In an article in The New York Times about Israel’s attempts to expel Palestinians from Gaza into Egypt, Jerusalem Bureau chief Patrick Kingsley just called the 1948 Nakba—the murder and expulsion of Palestinians from lands that became Israel—a “migration.”
Which immediately conjures Jacob Lawrence’s 60-panel masterpiece, The Migration Series, the 1940-41 epic that told a tale of “The Great Migration,” “the flight” of Black Americans out of the South “following the outbreak of World War I.”
Lawrence’s original title for his series was The Migration of The Negro. The title changed as language shifted with the political and cultural change. No one today would be confused by this, or by the changing implications of, “The Negro.” Yet the implications and complications of the term “Migration” are still rarely acknowledged.
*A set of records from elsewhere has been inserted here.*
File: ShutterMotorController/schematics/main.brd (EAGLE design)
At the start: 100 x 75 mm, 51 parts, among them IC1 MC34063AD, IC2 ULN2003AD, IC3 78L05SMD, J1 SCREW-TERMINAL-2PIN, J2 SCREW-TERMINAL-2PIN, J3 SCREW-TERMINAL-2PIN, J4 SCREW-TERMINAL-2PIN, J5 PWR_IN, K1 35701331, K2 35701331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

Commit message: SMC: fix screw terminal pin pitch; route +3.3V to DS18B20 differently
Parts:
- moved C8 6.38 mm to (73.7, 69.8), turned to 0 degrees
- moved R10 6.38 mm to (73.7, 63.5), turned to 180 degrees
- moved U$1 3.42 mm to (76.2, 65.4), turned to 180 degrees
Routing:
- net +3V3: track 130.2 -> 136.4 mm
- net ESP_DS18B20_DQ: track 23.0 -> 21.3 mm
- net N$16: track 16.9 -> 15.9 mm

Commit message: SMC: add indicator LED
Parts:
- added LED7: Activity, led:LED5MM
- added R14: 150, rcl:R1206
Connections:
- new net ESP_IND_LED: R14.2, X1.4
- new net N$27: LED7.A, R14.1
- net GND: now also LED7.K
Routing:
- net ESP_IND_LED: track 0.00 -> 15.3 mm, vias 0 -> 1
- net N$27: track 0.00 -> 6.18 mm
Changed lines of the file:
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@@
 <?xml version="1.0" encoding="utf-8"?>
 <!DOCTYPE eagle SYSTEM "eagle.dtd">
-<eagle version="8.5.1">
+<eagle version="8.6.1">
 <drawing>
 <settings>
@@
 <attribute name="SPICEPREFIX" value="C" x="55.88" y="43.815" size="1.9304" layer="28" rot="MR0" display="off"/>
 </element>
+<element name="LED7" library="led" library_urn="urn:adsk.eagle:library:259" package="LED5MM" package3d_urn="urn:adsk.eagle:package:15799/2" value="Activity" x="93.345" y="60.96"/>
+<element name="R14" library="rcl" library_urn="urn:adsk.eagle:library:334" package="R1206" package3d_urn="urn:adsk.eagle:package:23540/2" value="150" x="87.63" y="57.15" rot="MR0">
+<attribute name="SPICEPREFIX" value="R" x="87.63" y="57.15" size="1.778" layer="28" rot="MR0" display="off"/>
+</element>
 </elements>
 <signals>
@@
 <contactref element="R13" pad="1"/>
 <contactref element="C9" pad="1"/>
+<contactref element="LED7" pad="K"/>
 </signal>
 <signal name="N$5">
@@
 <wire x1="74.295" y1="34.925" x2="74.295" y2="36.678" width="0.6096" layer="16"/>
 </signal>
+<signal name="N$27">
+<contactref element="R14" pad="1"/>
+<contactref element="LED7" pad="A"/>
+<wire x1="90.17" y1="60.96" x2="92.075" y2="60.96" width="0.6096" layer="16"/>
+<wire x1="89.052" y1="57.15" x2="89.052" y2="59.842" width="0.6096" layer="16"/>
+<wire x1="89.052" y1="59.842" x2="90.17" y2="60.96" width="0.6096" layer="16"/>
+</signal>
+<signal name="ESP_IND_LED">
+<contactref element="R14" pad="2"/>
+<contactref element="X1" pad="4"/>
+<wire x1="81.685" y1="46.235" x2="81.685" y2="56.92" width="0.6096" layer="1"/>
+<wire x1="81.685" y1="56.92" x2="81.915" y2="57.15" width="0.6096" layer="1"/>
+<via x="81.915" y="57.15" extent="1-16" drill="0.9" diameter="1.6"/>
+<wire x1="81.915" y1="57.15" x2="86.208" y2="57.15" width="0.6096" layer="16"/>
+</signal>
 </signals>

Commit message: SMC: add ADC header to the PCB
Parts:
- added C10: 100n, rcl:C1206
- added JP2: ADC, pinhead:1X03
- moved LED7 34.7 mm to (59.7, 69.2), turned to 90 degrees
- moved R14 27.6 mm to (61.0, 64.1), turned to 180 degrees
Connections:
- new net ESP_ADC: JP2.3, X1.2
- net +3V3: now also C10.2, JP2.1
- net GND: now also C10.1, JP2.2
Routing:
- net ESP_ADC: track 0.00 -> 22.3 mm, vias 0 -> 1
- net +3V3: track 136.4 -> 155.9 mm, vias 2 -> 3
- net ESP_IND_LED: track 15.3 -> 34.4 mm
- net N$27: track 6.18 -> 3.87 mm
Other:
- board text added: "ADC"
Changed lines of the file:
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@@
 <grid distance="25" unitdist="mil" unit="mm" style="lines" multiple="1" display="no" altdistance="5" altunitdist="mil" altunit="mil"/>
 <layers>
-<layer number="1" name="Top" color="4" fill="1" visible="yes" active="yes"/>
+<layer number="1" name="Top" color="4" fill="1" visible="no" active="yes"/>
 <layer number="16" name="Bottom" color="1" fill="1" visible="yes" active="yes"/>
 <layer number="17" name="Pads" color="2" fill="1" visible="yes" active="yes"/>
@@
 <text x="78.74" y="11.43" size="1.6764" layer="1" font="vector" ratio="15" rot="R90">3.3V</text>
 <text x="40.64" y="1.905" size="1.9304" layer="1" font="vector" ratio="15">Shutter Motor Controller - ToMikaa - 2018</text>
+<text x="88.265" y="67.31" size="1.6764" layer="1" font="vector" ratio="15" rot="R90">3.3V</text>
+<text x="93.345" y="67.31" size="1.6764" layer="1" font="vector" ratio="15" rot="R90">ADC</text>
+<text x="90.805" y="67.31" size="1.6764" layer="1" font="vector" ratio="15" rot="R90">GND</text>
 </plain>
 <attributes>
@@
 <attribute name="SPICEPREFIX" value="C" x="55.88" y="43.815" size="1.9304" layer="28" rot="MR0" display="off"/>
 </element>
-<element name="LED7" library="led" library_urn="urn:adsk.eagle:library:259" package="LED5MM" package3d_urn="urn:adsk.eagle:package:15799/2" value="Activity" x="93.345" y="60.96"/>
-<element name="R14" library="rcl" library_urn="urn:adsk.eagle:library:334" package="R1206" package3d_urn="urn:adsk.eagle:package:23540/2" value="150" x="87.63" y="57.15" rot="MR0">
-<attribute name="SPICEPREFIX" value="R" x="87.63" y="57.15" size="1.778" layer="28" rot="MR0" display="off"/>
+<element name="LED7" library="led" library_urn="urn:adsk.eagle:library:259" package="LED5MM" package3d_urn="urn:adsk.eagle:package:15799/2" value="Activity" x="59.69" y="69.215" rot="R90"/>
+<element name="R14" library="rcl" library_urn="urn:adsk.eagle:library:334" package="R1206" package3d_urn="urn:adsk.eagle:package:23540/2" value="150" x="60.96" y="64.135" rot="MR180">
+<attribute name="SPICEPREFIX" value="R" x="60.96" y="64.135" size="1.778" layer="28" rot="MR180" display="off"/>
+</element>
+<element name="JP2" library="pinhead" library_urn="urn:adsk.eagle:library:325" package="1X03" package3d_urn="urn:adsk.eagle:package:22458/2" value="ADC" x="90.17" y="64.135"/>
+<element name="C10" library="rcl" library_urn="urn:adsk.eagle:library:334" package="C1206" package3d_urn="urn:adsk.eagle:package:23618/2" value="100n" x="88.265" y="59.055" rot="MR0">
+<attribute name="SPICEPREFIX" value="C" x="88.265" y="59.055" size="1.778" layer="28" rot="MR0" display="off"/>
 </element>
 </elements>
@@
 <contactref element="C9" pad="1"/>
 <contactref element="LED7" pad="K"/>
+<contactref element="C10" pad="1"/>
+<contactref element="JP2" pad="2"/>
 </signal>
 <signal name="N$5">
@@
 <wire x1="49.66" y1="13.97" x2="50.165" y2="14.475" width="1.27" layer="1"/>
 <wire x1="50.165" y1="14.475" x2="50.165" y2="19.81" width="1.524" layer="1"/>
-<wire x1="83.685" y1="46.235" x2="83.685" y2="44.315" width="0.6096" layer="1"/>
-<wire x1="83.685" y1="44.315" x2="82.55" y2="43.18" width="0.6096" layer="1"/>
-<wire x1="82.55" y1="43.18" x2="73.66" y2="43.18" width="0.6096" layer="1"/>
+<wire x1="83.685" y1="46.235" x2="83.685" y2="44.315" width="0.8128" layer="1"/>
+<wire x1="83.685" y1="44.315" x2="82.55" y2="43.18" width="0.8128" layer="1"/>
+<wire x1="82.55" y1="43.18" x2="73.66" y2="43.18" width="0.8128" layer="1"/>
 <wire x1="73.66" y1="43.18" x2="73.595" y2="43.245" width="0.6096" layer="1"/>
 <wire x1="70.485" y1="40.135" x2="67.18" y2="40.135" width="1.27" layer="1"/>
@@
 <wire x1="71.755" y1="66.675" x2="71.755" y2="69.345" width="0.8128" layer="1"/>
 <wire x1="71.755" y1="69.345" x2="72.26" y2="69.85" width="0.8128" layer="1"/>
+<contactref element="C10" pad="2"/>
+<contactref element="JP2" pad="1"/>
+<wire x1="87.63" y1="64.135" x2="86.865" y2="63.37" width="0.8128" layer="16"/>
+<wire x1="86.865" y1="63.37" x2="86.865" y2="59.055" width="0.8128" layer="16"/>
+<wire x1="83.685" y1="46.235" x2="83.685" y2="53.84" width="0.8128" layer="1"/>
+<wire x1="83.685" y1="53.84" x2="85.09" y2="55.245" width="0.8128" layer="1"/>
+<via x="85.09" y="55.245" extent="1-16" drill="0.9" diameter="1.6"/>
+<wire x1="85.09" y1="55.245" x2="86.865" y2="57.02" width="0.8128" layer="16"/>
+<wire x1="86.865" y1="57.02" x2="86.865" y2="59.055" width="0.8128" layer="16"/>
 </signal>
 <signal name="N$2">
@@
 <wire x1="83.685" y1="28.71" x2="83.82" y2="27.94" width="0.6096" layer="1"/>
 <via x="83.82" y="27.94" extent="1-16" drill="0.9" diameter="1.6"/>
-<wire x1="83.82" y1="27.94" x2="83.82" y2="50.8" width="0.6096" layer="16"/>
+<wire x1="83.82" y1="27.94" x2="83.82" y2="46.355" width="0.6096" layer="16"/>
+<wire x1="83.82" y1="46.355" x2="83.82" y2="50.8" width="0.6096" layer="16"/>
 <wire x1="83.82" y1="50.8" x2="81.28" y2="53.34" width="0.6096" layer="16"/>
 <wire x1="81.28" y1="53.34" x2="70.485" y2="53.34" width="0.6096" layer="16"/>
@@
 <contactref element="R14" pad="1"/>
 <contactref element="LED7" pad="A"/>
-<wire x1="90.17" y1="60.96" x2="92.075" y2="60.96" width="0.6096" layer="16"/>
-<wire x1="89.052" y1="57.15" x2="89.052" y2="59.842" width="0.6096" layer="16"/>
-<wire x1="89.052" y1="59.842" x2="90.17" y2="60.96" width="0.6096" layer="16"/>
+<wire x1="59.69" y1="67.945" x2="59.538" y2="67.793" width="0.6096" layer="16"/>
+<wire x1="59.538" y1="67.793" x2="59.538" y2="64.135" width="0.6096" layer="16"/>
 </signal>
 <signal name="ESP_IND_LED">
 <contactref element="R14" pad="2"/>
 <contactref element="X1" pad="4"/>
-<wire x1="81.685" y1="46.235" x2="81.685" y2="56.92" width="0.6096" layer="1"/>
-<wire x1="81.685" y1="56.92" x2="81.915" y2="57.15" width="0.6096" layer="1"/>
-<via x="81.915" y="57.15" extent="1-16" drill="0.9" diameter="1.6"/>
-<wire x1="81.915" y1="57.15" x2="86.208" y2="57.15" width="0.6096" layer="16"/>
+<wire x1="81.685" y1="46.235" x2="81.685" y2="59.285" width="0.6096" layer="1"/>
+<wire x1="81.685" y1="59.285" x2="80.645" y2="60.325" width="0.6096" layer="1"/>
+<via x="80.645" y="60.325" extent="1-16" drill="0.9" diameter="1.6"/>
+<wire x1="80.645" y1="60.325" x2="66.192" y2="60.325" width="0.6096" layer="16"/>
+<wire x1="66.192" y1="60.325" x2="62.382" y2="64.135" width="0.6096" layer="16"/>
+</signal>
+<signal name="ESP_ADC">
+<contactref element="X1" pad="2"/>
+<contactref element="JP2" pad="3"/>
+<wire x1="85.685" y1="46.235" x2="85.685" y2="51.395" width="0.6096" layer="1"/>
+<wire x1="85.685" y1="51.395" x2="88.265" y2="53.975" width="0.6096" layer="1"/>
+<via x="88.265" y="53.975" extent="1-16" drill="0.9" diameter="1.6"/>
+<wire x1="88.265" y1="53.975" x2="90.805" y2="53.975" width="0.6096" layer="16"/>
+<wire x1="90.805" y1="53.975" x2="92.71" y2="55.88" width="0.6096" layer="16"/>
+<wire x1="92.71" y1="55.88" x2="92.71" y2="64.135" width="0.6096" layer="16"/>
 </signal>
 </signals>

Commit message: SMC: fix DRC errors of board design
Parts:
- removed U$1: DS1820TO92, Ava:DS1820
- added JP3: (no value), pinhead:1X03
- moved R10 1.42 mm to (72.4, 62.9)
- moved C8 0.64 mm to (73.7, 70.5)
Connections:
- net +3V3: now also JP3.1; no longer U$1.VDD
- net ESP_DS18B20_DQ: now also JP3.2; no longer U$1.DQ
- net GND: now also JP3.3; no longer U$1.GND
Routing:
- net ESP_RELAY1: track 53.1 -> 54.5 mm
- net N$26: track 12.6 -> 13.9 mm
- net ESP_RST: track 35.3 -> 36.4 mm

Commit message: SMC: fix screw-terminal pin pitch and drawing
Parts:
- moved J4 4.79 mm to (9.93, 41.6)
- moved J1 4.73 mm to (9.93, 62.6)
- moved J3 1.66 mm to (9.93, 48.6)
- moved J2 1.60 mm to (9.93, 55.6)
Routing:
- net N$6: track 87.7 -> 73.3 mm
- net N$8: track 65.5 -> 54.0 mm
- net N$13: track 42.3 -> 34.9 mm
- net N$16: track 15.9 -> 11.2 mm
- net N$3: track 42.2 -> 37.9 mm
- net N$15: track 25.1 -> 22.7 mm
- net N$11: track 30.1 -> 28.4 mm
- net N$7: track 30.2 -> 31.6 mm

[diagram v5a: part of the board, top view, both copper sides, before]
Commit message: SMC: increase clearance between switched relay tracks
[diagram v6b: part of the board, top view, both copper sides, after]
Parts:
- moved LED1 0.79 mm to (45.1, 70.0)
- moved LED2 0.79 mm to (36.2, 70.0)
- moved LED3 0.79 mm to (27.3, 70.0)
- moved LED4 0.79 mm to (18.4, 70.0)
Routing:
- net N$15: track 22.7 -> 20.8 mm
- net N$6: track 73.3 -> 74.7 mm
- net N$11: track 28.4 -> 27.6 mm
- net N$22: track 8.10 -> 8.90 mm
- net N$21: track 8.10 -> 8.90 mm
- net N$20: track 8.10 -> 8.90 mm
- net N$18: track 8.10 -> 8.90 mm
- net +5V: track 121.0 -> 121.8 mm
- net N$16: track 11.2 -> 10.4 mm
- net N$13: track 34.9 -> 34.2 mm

“To me, migration means movement,” said Lawrence at some later point, according to the Phillips Collection, which acquired half the series. “There was conflict and struggle. But out of the struggle came a kind of power and even beauty. ‘And the migrants kept coming’ [the artist’s caption for the final panel, is a refrain of triumph over adversity. If it rings true for you today, then it must still strike a chord in our American experience.”
Perhaps hearing the 1948 Nakba called a “migration” in the midst of relentless violence on a massive scale, in the pursuit of another nakba, will shock people into recognition. That migration can also mean ethnic cleansing and genocide, and that it rings true today because it’s still endemic in our American experience, and there is not beauty in it.